Par un jugement n° 1600162 du 8 avril 2016, le tribunal administratif de Toulon a rejeté sa demande.
Procédure devant la Cour :
Par une requête enregistrée le 8 août 2016, M. A..., représenté par Me C..., demande à la Cour :
1°) d'annuler ce jugement du tribunal administratif de Toulon du 8 avril 2016 ;
2°) d'annuler les décisions portant refus de séjour et obligation de quitter le territoire français du sous-préfet de Draguignan en date du 21 décembre 2015 ;
3°) d'enjoindre au sous-préfet de Draguignan de lui délivrer un titre de séjour dans un délai d'un mois à compter de la notification de la décision à intervenir ;
4°) de mettre à la charge de l'Etat une somme de 1 200 euros sur le fondement des dispositions de l'article L. 761-1 du code de justice administrative.
Il soutient que :
- l'arrêté est entaché d'un défaut d'examen de sa situation dès lors que le sous-préfet n'a pas examiné sa demande au regard des dispositions de l'article L. 313-14 du code de l'entrée et du séjour des étrangers et du droit d'asile ;
- le sous-préfet, en refusant de lui délivrer un titre de séjour et en l'obligeant à quitter le territoire français, a méconnu les stipulations de l'article 8 de la convention européenne de sauvegarde des droits de l'homme et des libertés fondamentales ainsi que les dispositions de l'article L. 313-11-7° du code de l'entrée et du séjour des étrangers et du droit d'asile, et a entaché ses décisions d'une erreur manifeste d'appréciation ;
- l'arrêté attaqué a été pris en méconnaissance de l'article L. 313-14 du code de l'entrée et du séjour des étrangers et du droit d'asile.

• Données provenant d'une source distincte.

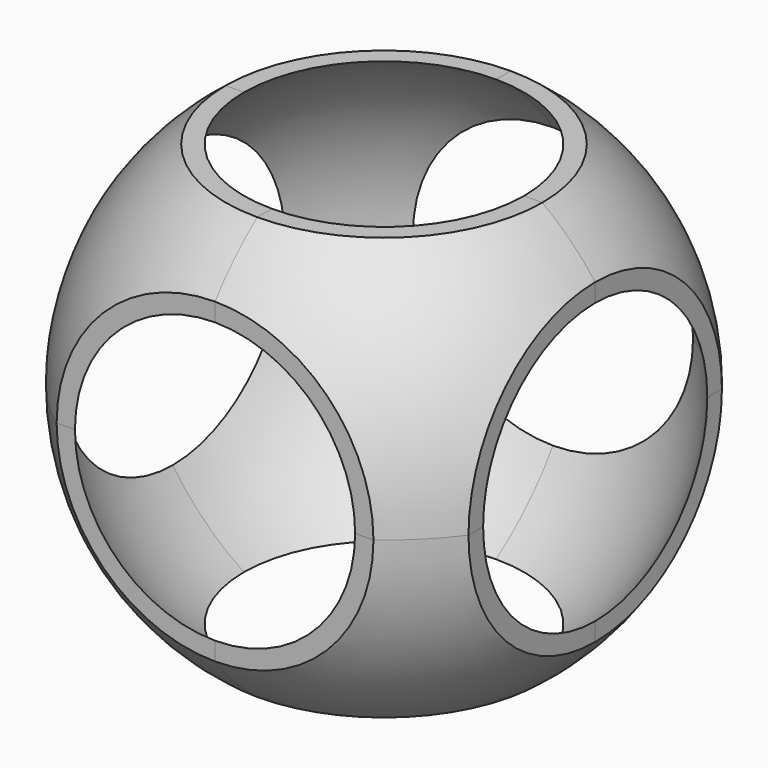
from build123d import *

# Parameters (mm, degrees)
F1_ANGLE      = 90
F2_W          = 9.8706889153
F2_H          = 16.293104738
F2_W_2        = 21.0186052322
F2_H_2        = 47.4185418094
F2_W_3        = 22.7245930582
F2_H_3        = 6.0117966682
F2_W_4        = 26.1547192931
F2_H_4        = 39.7323071957
F3_DEPTH      = 79
F3_DEPTH_BACK = 25.001
F4_W          = 20
F4_H          = 20
F5_DEPTH      = 20.001
F7_COUNT      = 4


# Not quite as in the source:
# - an extrude ends at something that could not be found from the text; its depth is read off the source's solid


with BuildPart() as f1:
    # F0 (on Front) → F1 (revolve)
    with BuildSketch(Plane.XZ):
        with BuildLine():
            Line((0, -24), (0, -25))
            ThreePointArc((0, -25), (25, 0), (0, 25))
            Line((0, 25), (0, 24))
            ThreePointArc((0, 24), (24, 0), (0, -24))
        make_face()
    revolve(axis=Axis((0, 0, 24.5), (0, 0, -1)), revolution_arc=F1_ANGLE)

    # F2 (on Front) → F3 (cut, two sides)
    with BuildSketch(Plane.XZ) as f3_sk:
        Polygon((62.8828846811, -47.4185418094), (62.8828846811, 46.2751645351), (20, 46.2751645351), (20, 36.293104738), (29.8706889153, 36.293104738), (29.8706889153, 20), (20, 20), (20, 0), (41.0186052322, 0), (41.0186052322, -47.4185418094), align=None)
        with Locations((24.9353444576, 28.146552369)):
            Rectangle(F2_W, F2_H)
        Polygon((20, 20), (20, 36.293104738), (-22.7245930582, 36.293104738), (-22.7245930582, 26.0117966682), (0, 26.0117966682), (0, 20), align=None)
        Polygon((41.0186052322, -54.5961894095), (41.0186052322, -47.4185418094), (20, -47.4185418094), (20, 0), (0, 0), (0, -39.7323071957), (-26.1547192931, -39.7323071957), (-26.1547192931, -54.5961894095), align=None)
        with Locations((30.5093026161, -23.7092709047)):
            Rectangle(F2_W_2, F2_H_2)
        Polygon((0, 0), (0, 20), (-22.7245930582, 20), (-22.7245930582, 26.0117966682), (-45.8779521286, 26.0117966682), (-45.8779521286, -39.7323071957), (-26.1547192931, -39.7323071957), (-26.1547192931, 0), align=None)
        with Locations((-11.3622965291, 23.0058983341)):
            Rectangle(F2_W_3, F2_H_3)
        with Locations((-13.0773596466, -19.8661535978)):
            Rectangle(F2_W_4, F2_H_4)
    extrude(amount=-F3_DEPTH, mode=Mode.SUBTRACT)
    extrude(f3_sk.sketch, amount=F3_DEPTH_BACK, mode=Mode.SUBTRACT)

    # F4 (on Right) → F5 (intersect, through all)
    with BuildSketch(Plane.YZ):
        with Locations((-10, 10)):
            Rectangle(F4_W, F4_H)
    extrude(amount=F5_DEPTH, mode=Mode.INTERSECT)


with BuildPart() as f6_1:
    # F6: instance of F1
    add(f1.part.mirror(Plane.XY))


with BuildPart() as f7_1:
    # F7: instance of F1
    add(f1.part.rotate(Axis((0, 0, 24.5), (0, 0, -1)), 1 * 360 / F7_COUNT))


with BuildPart() as f7_2:
    # F7: instance of F1
    add(f1.part.rotate(Axis((0, 0, 24.5), (0, 0, -1)), 2 * 360 / F7_COUNT))


with BuildPart() as f7_3:
    # F7: instance of F1
    add(f1.part.rotate(Axis((0, 0, 24.5), (0, 0, -1)), 3 * 360 / F7_COUNT))


with BuildPart() as f7_4:
    # F7: instance of F6_1
    add(f6_1.part.rotate(Axis((0, 0, 24.5), (0, 0, -1)), 1 * 360 / F7_COUNT))


with BuildPart() as f7_5:
    # F7: instance of F6_1
    add(f6_1.part.rotate(Axis((0, 0, 24.5), (0, 0, -1)), 2 * 360 / F7_COUNT))


with BuildPart() as f7_6:
    # F7: instance of F6_1
    add(f6_1.part.rotate(Axis((0, 0, 24.5), (0, 0, -1)), 3 * 360 / F7_COUNT))


solid = Compound([f1.part, f6_1.part, f7_1.part, f7_2.part, f7_3.part, f7_4.part, f7_5.part, f7_6.part])

Par décision du 20 juin 2016, le bureau d'aide juridictionnelle a rejeté la demande d'aide juridictionnelle présentée par M. A....
Vu les autres pièces du dossier.
Vu :
- la convention européenne de sauvegarde des droits de l'homme et des libertés fondamentales ;
- le code de l'entrée et du séjour des étrangers et du droit d'asile ;
- le code de justice administrative.
Le président de la formation de jugement a dispensé le rapporteur public, sur sa proposition, de prononcer des conclusions à l'audience.
Les parties ont été régulièrement averties du jour de l'audience.
Le rapport de Mme Mastrantuono a été entendu au cours de l'audience publique.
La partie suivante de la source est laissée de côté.